Mekler: We are looking for shopping centers and land for mixed-use developments in the tri-county area. We plan to start buying properties as soon as the real estate market reaches a certain level of normalcy. For example, we were talking to the seller of a property that was for sale before the crisis. But in the last couple of weeks, the seller took the shopping center off the market. Sellers and buyers need more clarity in terms of how much rent they will be able to collect, to determine the market value of an income-producing asset. We are not there yet.
How will your portfolio be impacted by COVID-19? Can you tell us about a recent acquisition?
Mekler: Some of our retail tenants are having problems paying rent because their businesses have been closed for several weeks, so we are being proactive and trying to work with them. We analyze each case and make one-on-one decisions based on real data. For example, for a tenant who had paid us six months of rent in advance, we have reduced his April rent by 50 percent.
In the case of a tenant who is halfway through the construction of a new store, we will let him defer rent payments in April and May, so he will only have to pay the Common Area Maintenance (CAM) fees during that time. Then, beginning in June, he will pay full rent again plus an additional 10 percent every month to cover the deferred rent. Another tenant will pay us 50 percent of the rent plus the CAM in April, May and June. In July, the business will begin paying full rent again. Then in January, February and March 2021, the tenant will pay full rent plus installments of the deferred rent. Tenants are opening their books and letting us scrutinize their business model to negotiate a temporary solution. We are also sending our tenants e-blasts informing them of all the loans that the state and federal government have made available for small businesses, so they can access capital to cover their business expenses.
In terms of our most recent acquisition, we acquired a West Palm Beach shopping center anchored by Kohl’s and Dick’s Sporting Goods. We bought the 200,888-square-foot Shoppes at Southern Palms for $23.6 million last November. We were attracted to the property because of the strong anchor tenants and steady cash flow.
What are Miami Manager’s mid- and long-term goals regarding investment in the U.S.?
Mekler: We currently own five retail centers in South Florida. Some of our tenants include Starbucks, CVS Pharmacy, Dollar Tree, MetroPCS, Dick’s Sporting Goods, Subway, Trek Bicycle, Xfinity, Chick-fil-A and Kohl’s.
Our goal is to continue to acquire distressed land and retail centers in the region.
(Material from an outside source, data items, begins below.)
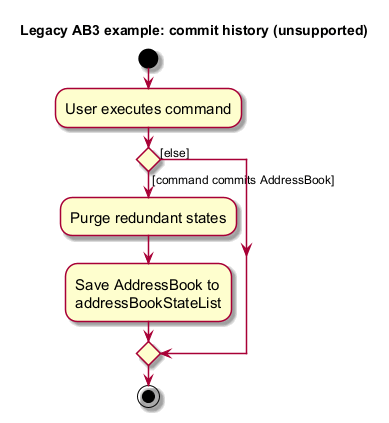

The diagram above was rendered by PlantUML. Its source (embedded in the PNG):
@startuml
' Legacy AB3 history example. StudentBook does not implement undo or versioned history.
skin rose
skinparam ActivityFontSize 15
skinparam ArrowFontSize 12
title Legacy AB3 example: commit history (unsupported)
start
:User executes command;

'Since the beta syntax does not support placing the condition outside the
'diamond we place it as the true branch instead.

if () then ([command commits AddressBook])
    :Purge redundant states;
    :Save AddressBook to
    addressBookStateList;
else ([else])
endif
stop
@enduml

Our strategy has allowed us to successfully reposition retail centers, boost their cash flow and increase their market value. Our acquisitions are around $50 million with a hold period of between five and seven years. We raise capital in Latin America to acquire shopping plazas in the U.S., and in recent weeks it has become easier to raise funds. Latin American investors want to take advantage of a small window of opportunity in the U.S.—due to the distress caused by the global pandemic—to acquire great assets at reasonable values. During the bull market, many foreign investors were priced out of the U.S. market.
Do you think COVID-19 might start a crisis like the 2008 Great Recession? How can foreign investors help with the recovery?
Mekler: We don’t believe so. Back in 2008, it was a financial crisis caused by a meltdown of the credit markets. This is a health and economic crisis that can be corrected once the economy opens up and people go back to work. However, it will take months for the unemployment rate to go down and for businesses to overcome the losses caused by the COVID-19 shutdown. Any economy benefits from direct foreign investment because you are injecting fresh capital that, at the end of the day, helps create jobs and ignite economic development.